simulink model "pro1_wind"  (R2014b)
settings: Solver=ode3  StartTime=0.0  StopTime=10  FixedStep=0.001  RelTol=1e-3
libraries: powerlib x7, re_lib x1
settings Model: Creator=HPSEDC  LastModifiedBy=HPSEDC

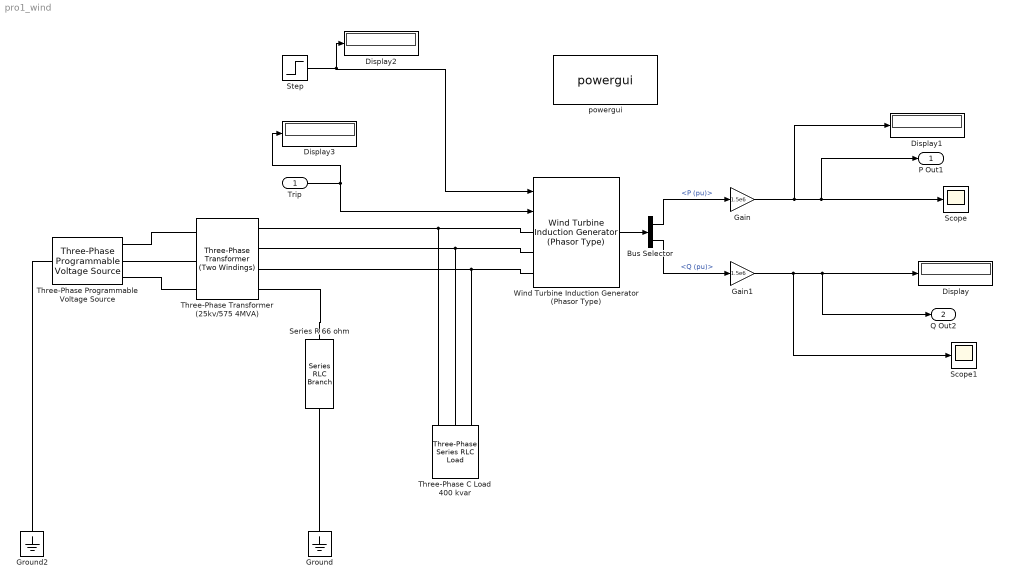
== system pro1_wind ==
  Trip : Inport
  Bus Selector : BusSelector  OutputSignals=P (pu),Q (pu)
  Display{,1..3} (4 alike) : Display
  Gain : Gain  Gain=1.5e6
  Gain1 : Gain  Gain=1.5e6
  Ground : powerlib/Elements/Ground  LConnTagsString=a
  Ground2 : powerlib/Elements/Ground  LConnTagsString=a
  Scope : Scope
      settings: TimeRange=30  YMin=-1  YMax=1  MaxDataPoints=10000
  Scope1 : Scope
      settings: TimeRange=30  YMin=-1  YMax=1
  "Series R 66 ohm  " : powerlib/Elements/Series RLC Branch  LConnTagsString=__new0  RConnTagsString=__new0  BranchType=R  Resistance=66  Inductance=1e-3  SetiL0=off  InitialCurrent=0  Capacitance=1e-6  Setx0=off  InitialVoltage=0  Measurements=None
  Step : Step  After=8  SampleTime=0
  Three-Phase C Load 400 kvar : powerlib/Elements/Three-Phase Series RLC Load  LConnTagsString=A|B|C  Configuration=Delta  NominalVoltage=575  NominalFrequency=60  ActivePower=0  InductivePower=0  CapacitivePower=400e3  Measurements=Branch voltages  LoadType=constant Z
  Three-Phase Programmable Voltage Source : powerlib/Electrical Sources/Three-Phase Programmable Voltage Source  PositiveSequence="[100  0 60]"  VariationEntity=None  VariationType=Table of time-amplitude pairs  VariationTypeAlt=Step  VariationStep=0.5  VariationRate=10  VariationMagnitude=0.3  VariationFrequency=2  VariationTiming=[1 2]  VariationPhaseA=off  Amplitudes=[1 0.8 1.2 1.0]  TimeValues=[0 0.1 0.15 0.2]  HarmonicGeneration=off  HarmonicA=[3 0.2 -25 0]  HarmonicB=[2 0.15 35 2]  Timing="[0.05  3]"  BusType=swing  Pref=0  Qref=0  Qmin=-inf  Qmax=inf
  Three-Phase Transformer (25kv/575 4MVA) : powerlib/Elements/Three-Phase Transformer (Two Windings)  Winding1Connection=Yg  UNITS=pu  NominalPower=[ 4e6 , 60 ]  Winding1=[ 25e3 , 0.025/30 , 0.025 ]  Winding2Connection=Yn  Winding2=[ 575 , 0.025/30 , 0.025 ]  SetSaturation=off  Rm=500  Lm=inf  Saturation=[ 0,0 ; 0.0024,1.2 ; 1.0,1.52 ]  Hysteresis=off  DataFile='hysteresis'  SetInitialFlux=off  InitialFluxes=[ 0.8 , -0.8 , 0.7 ]  Measurements=None  MoreParameters=off  BreakLoop=off  DataType=off  TransfoNumber=1
  Wind Turbine Induction Generator (Phasor Type) : re_lib/Wind Generation/Wind Turbine Induction Generator (Phasor Type)  ShowParameters=Turbine data  nom=[1.5e3 575 60]  sta=[ 0.004843 0.1248]  rot=[ 0.004377 0.1791]  Lm=6.77  mec=[5.04 0.01 3]  init="[ -0.01,0   0,0,0   0,0,0 ]"  ExternalTm=off  DisplayTurbChar=off  pitch_angle=0  Pmec=1.5e6  wind_base=12  P_wind_base=1  speed_nom=1  K_pitch_gain=[5 25]  pitch_max=45  pitch_rate=2
  powergui : powerlib/powergui  Priority=1  SimulationMode=Phasor  SolverType=Tustin/Backward Euler (TBE)  SampleTime=50e-6  frequency=60  SPID=off  DisableSnubberDevices=off  DisableRonSwitches=off  DisableVfSwitches=off  SwTol=0  DisplayEquations=off  Interpol=off  methode=off  Ts=100  frequencyindice=60  Pbase=10e6  ErrMax=1e-4  Iterations=50  UnitsV=V  UnitsW=W  FunctionMessages=off  echomessages=off  HookPort=off  EnableUseOfTLC=off  x0status=blocks  RestoreLinks=warning  ResistiveCurrentMeasurement=off  Frange=[0:2:500]  Ylog=off  Xlog=on  ShowGrid=off  save=off  variable=ZData  structure=0  ZoomFFT=off  StartTime=0.0  cycles=1  DisplayStyle=1  fundamental=60  FreqAxis=off  MaxFrequency=1000  frequencyindicesteady=1  RmsSteady=1  display=off
  P Out1 : Outport
  Q Out2 : Outport  Port=2
  wires:
  Wind Turbine Induction Generator (Phasor Type)/1 -> Bus Selector/1
  Bus Selector/2 -> Gain1/1  "<Q (pu)>"
  Bus Selector/1 -> Gain/1  "<P (pu)>"
  Gain/1 -> Display1/1, P Out1/1, Scope/1
  Gain1/1 -> Scope1/1, Display/1, Q Out2/1
  Trip/1 -> Wind Turbine Induction Generator (Phasor Type)/2, Display3/1
  Step/1 -> Wind Turbine Induction Generator (Phasor Type)/1, Display2/1
  connections:
  Three-Phase Programmable Voltage Source/RConn2 -- Three-Phase Transformer (25kv/575 4MVA)/LConn2
  Three-Phase Programmable Voltage Source/RConn1 -- Three-Phase Transformer (25kv/575 4MVA)/LConn1
  Three-Phase Programmable Voltage Source/RConn3 -- Three-Phase Transformer (25kv/575 4MVA)/LConn3
  Three-Phase Transformer (25kv/575 4MVA)/RConn1 -- Three-Phase C Load 400 kvar/LConn1 -- Wind Turbine Induction Generator (Phasor Type)/LConn1
  Three-Phase Transformer (25kv/575 4MVA)/RConn2 -- Three-Phase C Load 400 kvar/LConn2 -- Wind Turbine Induction Generator (Phasor Type)/LConn2
  Three-Phase Transformer (25kv/575 4MVA)/RConn3 -- Three-Phase C Load 400 kvar/LConn3 -- Wind Turbine Induction Generator (Phasor Type)/LConn3
  Three-Phase Transformer (25kv/575 4MVA)/RConn4 -- "Series R 66 ohm  "/LConn1
  Ground/LConn1 -- "Series R 66 ohm  "/RConn1
  Three-Phase Programmable Voltage Source/LConn1 -- Ground2/LConn1
────────────────────
ACTIVITY> Scan the listing above, and wherever a line holds the string "Branch", copy that line.

EXERCISE RESULT>
  "Series R 66 ohm  " : powerlib/Elements/Series RLC Branch  LConnTagsString=__new0  RConnTagsString=__new0  BranchType=R  Resistance=66  Inductance=1e-3  SetiL0=off  InitialCurrent=0  Capacitance=1e-6  Setx0=off  InitialVoltage=0  Measurements=None
  Three-Phase C Load 400 kvar : powerlib/Elements/Three-Phase Series RLC Load  LConnTagsString=A|B|C  Configuration=Delta  NominalVoltage=575  NominalFrequency=60  ActivePower=0  InductivePower=0  CapacitivePower=400e3  Measurements=Branch voltages  LoadType=constant Z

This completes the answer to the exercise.